Alumnus Molly Superfine is using her global Duke education to shape her passion for art history in her post-graduate life.
Superfine, Trinity ’13, dedicated herself to studying the arts while at Duke and double majored in Spanish. She worked at several museums, studied art abroad and participated in DukeEngage, which inspired an interest in street art.
Currently, Superfine works at Fredericks & Freiser, an art gallery in New York City.
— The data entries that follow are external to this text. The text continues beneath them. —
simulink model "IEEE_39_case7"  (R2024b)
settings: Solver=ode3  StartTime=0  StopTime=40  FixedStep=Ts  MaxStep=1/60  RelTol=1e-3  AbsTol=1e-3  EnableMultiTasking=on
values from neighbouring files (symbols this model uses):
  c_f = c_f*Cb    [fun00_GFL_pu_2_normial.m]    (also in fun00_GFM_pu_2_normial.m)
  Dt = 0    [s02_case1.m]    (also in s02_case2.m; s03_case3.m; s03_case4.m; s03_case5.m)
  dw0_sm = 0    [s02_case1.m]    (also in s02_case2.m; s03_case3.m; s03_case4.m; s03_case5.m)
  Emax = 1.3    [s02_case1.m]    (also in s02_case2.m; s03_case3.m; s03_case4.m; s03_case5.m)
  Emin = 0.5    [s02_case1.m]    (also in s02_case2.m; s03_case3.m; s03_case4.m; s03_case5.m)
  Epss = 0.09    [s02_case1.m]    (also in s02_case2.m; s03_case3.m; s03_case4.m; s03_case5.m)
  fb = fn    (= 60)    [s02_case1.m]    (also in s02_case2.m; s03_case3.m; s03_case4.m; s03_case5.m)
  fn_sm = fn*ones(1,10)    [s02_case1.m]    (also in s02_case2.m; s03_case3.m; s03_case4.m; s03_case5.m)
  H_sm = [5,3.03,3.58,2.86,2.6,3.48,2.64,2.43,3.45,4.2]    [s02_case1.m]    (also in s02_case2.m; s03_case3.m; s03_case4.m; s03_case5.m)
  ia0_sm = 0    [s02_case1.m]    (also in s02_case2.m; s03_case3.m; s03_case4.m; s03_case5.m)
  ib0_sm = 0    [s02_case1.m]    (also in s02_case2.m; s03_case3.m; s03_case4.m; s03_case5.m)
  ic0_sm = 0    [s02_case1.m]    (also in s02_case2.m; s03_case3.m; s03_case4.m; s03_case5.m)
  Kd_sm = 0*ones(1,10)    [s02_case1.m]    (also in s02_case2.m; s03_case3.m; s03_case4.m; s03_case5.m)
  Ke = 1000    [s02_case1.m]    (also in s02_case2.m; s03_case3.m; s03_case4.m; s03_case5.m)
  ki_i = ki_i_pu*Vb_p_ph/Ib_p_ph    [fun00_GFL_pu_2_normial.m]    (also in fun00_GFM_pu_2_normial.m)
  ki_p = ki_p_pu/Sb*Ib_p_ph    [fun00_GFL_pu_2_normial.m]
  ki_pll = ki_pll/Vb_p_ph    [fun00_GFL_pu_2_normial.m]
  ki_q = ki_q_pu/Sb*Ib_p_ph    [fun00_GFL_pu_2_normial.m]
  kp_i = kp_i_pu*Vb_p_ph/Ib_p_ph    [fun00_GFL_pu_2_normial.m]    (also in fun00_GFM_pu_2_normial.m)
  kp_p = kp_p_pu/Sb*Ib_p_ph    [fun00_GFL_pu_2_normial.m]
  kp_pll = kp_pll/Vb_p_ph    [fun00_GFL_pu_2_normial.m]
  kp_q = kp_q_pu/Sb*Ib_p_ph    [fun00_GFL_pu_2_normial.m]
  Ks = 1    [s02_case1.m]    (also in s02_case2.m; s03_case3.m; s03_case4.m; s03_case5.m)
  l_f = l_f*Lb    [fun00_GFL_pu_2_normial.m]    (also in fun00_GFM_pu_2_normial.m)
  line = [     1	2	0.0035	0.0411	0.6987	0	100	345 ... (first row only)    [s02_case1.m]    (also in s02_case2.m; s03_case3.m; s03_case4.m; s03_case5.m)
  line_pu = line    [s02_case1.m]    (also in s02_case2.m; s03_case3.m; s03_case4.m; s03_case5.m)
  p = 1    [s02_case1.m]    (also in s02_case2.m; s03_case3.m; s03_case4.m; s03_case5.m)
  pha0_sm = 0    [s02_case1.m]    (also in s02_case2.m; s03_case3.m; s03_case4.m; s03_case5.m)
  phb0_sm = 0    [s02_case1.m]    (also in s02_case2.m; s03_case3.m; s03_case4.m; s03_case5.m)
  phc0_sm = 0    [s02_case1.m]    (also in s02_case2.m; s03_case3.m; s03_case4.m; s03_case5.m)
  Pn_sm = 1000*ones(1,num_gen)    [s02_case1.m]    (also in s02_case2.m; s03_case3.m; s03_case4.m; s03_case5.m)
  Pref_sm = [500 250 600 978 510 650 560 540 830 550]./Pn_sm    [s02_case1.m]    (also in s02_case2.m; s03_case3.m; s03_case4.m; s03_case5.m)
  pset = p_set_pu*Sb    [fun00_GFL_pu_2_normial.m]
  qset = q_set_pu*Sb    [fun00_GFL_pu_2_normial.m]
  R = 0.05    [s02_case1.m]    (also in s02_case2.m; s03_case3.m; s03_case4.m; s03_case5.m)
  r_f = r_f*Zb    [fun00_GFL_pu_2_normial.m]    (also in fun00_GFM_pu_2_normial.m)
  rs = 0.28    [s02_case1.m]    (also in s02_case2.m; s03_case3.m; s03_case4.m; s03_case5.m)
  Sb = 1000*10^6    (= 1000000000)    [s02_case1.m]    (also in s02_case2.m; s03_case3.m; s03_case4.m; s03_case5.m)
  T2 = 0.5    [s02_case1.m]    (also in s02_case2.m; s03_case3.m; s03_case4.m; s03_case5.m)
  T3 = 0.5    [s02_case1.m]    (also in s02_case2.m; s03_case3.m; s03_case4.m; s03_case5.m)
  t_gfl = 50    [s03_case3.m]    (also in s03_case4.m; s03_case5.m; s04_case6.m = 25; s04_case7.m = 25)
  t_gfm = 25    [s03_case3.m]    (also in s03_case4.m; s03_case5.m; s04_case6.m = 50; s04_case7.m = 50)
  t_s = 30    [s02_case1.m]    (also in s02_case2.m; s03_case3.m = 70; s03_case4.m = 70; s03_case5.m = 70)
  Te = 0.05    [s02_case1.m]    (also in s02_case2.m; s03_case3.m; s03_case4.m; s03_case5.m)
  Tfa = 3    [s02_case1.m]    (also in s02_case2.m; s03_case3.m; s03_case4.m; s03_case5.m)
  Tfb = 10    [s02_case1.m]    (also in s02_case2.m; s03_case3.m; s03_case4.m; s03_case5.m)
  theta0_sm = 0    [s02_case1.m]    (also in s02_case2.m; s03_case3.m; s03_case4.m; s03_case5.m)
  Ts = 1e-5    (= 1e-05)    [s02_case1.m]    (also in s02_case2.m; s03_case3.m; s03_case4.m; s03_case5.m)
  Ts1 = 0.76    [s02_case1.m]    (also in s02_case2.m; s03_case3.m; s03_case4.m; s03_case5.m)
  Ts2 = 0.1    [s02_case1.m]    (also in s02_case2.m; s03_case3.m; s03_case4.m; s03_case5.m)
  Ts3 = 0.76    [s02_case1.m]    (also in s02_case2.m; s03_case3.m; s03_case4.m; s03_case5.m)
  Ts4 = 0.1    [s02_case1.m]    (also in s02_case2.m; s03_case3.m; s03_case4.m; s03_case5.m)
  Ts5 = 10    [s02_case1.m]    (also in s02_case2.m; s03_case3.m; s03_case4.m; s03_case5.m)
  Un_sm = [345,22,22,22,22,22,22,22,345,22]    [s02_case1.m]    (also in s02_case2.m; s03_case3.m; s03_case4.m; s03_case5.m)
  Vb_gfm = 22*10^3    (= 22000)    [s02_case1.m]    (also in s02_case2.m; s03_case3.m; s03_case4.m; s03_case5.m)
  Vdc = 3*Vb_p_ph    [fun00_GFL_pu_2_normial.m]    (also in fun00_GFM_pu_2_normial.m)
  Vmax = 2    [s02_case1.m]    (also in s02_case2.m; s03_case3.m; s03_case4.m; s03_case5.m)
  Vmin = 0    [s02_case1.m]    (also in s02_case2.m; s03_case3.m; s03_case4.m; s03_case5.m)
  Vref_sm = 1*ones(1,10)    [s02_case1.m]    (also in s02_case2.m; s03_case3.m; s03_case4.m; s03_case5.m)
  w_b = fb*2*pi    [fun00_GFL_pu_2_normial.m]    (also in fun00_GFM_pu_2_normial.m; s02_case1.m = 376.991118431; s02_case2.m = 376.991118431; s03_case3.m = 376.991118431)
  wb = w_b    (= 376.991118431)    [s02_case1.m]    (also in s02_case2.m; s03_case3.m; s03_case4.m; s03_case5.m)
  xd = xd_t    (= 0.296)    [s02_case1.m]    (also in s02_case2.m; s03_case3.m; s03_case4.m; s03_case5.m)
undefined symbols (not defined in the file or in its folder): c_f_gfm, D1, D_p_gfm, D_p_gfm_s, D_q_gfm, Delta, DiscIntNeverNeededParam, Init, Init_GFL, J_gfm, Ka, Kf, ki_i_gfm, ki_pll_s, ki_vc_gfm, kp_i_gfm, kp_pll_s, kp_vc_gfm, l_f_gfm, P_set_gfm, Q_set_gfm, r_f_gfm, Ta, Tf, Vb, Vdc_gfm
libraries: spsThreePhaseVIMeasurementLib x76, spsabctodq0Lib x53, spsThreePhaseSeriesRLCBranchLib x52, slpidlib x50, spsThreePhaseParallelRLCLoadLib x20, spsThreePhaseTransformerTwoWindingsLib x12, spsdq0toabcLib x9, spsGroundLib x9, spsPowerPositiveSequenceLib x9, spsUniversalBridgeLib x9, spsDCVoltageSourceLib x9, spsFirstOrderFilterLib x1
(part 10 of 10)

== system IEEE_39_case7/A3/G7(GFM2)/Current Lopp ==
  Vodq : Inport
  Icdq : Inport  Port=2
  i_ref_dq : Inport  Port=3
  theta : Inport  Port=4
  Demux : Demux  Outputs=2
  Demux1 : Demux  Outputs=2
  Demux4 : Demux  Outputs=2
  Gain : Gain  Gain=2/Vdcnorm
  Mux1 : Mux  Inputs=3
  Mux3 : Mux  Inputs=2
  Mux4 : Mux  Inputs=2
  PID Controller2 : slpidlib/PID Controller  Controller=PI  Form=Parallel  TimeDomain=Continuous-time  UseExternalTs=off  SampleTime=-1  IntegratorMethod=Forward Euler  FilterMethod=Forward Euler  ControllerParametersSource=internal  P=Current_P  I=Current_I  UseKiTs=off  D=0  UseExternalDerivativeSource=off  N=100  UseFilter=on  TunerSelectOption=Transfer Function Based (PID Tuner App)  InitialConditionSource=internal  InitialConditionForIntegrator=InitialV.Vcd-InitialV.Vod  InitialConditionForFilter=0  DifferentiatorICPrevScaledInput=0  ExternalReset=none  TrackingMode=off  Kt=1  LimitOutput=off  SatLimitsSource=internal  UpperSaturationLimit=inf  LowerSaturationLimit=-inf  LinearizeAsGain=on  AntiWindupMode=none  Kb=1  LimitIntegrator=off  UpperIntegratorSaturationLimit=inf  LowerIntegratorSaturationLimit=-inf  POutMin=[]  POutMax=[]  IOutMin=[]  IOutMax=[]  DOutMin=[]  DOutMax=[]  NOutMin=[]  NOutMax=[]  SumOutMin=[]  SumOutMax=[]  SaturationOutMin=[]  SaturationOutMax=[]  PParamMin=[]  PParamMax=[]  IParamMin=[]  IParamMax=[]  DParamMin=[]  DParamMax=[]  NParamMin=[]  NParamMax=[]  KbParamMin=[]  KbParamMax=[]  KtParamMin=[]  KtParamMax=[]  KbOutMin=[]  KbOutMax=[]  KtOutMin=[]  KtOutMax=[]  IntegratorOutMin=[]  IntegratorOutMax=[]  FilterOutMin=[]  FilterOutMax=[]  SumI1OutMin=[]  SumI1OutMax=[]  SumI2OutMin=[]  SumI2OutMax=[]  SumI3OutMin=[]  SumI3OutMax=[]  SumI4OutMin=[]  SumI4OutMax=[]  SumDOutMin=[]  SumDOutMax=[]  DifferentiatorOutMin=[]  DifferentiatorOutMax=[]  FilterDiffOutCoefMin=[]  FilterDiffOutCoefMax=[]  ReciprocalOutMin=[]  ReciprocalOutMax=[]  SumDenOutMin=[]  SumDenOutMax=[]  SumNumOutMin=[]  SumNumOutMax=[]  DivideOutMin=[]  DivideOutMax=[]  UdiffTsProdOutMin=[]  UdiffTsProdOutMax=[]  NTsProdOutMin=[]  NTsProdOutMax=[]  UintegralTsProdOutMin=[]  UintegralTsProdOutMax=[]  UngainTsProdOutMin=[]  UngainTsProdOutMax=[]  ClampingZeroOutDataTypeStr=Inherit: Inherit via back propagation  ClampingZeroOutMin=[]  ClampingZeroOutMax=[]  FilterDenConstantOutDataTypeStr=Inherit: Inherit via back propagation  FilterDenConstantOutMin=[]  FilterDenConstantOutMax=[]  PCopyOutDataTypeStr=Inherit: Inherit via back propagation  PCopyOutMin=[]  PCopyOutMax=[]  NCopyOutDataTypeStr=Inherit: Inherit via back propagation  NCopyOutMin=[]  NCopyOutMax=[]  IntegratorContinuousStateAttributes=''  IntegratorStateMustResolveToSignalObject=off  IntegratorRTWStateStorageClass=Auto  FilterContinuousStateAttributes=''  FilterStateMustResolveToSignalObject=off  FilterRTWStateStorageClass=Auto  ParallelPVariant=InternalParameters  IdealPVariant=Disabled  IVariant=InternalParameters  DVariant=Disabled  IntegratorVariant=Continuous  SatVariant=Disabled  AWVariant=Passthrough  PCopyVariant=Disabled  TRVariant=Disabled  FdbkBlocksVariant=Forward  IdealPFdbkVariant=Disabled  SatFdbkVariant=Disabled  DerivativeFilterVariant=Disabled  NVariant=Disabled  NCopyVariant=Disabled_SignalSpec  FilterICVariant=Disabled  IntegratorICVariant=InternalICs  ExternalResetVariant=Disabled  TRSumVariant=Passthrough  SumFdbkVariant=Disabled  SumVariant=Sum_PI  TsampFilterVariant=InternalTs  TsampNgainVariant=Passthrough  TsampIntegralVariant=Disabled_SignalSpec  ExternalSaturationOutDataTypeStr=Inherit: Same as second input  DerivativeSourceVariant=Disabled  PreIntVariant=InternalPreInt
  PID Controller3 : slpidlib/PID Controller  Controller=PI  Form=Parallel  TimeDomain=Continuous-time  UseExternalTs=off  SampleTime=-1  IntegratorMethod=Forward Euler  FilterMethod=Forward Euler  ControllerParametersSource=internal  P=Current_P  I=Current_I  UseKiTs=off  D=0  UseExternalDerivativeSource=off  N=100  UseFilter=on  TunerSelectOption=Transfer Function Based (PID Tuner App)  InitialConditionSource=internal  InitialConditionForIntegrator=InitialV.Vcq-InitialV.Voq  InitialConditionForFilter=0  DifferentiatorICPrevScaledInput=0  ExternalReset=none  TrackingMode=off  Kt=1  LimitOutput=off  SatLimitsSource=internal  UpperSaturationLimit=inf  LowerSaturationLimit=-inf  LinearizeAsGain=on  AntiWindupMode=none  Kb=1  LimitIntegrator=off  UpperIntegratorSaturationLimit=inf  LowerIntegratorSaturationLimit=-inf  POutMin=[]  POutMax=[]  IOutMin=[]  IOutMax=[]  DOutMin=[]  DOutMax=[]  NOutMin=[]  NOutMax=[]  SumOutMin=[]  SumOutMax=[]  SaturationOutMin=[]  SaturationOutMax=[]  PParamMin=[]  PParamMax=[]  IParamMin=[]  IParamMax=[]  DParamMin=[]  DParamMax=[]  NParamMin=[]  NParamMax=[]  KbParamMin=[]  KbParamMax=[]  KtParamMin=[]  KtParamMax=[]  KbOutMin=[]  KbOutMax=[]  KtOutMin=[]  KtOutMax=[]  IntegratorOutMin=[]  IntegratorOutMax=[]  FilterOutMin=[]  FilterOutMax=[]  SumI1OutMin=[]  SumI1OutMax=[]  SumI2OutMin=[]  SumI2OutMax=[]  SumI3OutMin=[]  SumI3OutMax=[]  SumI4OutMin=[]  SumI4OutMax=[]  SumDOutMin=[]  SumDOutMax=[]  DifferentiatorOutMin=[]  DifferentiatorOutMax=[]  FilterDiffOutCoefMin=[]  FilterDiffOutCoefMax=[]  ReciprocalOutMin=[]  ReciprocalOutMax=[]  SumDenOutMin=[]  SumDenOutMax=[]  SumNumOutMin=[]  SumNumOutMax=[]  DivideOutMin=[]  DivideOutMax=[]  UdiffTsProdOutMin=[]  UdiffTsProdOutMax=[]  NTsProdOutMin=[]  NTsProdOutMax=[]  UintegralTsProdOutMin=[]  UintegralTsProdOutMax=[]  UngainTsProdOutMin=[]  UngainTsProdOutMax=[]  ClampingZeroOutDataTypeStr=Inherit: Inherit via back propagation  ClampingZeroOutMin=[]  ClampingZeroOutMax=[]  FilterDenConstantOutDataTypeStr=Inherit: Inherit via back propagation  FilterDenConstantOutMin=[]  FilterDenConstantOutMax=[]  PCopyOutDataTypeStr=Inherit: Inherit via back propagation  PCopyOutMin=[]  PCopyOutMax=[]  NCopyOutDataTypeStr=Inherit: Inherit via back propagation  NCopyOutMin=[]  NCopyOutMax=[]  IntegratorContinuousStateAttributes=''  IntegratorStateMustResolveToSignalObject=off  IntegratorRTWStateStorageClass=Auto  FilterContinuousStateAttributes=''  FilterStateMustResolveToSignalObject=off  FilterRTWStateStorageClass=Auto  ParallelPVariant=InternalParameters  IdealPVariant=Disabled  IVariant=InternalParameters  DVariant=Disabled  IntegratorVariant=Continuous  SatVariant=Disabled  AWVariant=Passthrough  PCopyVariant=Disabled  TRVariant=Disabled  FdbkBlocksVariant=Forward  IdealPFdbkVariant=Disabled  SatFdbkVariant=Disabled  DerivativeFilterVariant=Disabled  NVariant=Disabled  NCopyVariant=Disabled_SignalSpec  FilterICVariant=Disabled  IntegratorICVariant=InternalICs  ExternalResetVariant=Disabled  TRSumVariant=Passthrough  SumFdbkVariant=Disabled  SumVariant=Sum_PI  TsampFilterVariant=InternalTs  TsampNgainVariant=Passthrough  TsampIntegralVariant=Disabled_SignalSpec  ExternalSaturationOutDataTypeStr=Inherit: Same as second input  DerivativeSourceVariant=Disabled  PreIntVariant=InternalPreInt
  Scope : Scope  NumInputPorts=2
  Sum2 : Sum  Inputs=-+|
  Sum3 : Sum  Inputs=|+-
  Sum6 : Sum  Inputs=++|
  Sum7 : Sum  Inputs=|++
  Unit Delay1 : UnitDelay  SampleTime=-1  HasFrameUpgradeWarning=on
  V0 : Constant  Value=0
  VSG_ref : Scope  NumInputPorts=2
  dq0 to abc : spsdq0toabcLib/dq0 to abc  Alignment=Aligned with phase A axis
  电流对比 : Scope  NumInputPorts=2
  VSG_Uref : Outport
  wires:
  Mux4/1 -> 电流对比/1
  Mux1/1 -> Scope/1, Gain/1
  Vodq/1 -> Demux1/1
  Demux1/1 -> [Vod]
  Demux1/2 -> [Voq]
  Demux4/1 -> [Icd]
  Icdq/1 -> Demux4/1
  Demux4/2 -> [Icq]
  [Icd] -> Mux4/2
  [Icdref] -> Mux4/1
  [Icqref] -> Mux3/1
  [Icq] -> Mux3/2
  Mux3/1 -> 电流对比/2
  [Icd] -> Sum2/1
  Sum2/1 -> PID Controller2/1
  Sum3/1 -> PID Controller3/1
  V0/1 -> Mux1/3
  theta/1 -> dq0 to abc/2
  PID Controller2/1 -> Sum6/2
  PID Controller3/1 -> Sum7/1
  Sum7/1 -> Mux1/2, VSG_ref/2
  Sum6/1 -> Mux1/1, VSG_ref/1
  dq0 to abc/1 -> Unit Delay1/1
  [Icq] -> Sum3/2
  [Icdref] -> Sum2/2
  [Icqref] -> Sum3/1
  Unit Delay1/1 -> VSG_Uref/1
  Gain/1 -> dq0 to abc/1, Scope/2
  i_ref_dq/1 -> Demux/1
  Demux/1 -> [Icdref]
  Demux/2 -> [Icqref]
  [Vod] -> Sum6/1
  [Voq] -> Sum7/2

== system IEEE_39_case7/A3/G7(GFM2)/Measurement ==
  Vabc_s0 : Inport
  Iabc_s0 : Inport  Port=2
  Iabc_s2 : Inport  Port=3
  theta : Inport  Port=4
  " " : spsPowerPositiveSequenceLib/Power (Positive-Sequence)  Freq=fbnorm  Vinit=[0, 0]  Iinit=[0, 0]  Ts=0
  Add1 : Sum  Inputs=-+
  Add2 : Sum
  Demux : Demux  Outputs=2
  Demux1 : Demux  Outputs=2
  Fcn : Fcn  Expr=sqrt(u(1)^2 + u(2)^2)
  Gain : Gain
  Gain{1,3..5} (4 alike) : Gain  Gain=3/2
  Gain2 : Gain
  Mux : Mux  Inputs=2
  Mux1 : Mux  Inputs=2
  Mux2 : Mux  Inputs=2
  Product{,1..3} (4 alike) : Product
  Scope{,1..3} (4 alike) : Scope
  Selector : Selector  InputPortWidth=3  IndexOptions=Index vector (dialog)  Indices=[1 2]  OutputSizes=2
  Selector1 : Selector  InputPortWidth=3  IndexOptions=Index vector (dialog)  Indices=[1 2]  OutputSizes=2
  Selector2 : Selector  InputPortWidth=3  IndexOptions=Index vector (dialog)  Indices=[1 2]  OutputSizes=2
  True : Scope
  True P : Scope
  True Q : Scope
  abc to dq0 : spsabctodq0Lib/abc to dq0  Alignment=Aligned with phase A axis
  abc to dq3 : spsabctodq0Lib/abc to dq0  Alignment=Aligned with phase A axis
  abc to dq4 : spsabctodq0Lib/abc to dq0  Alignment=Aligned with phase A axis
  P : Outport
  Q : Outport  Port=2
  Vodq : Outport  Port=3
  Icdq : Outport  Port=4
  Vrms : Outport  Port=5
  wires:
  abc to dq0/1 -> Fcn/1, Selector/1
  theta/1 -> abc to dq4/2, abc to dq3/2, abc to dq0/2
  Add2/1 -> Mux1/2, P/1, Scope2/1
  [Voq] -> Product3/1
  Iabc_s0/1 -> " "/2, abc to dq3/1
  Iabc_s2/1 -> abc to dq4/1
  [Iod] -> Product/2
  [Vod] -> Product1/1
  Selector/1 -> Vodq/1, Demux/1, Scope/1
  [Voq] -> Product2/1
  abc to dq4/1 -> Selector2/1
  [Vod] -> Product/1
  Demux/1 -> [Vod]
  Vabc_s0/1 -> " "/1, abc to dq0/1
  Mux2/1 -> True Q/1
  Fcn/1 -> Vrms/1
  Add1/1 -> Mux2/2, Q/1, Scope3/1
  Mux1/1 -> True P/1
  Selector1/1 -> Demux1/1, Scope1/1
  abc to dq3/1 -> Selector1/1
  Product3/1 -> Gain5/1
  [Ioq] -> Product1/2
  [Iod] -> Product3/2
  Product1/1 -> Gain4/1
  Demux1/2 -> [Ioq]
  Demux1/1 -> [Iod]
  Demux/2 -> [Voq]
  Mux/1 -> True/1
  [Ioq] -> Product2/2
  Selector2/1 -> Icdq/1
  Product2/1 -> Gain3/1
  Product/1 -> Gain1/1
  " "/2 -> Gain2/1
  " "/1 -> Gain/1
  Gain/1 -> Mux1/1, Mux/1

She is exploring careers in museums and art galleries before returning to school to pursue a Ph.D. She wants to study global contemporary art, through the lens of feminist theory.
“I went into college knowing I loved art, but not knowing how to make a career out of it,” Superfine said. “Every class I took reaffirmed that this was my passion and what I wanted to do.”
At Duke, Superfine worked at the Nasher Museum of Art. She also did summer internships at several other museums, including the Solomon R. Guggenheim Museum and the Whitney Museum of American Art, both in New York City.
Through studying abroad and participating in DukeEngage, Superfine discovered a passion for street art and graffiti. She wrote a thesis on Latina street artists specifically in New York City and Los Angeles.
The summer after her freshman year, Superfine participated in DukeEngage in Colombia, a program that provides funding for students to serve global and local communities. There, she befriended several Colombian architecture students who introduced her to Colombian street art.
“I saw street art everywhere because it became a method of communication for people who didn’t have a voice otherwise,” she said.
Superfine also spent the fall semester of her junior year studying abroad in Madrid, where she explored the underground street art culture and had the opportunity to take classes in the Museo Nacional Del Prado.
“Some people choose a major thinking it will lead them to a specific job, but when you leave college, you realize you're very young and you basically have your whole life in front of you,” she said. “One major won’t lead you in one direction. The number of careers I see now as a post-grad is huge."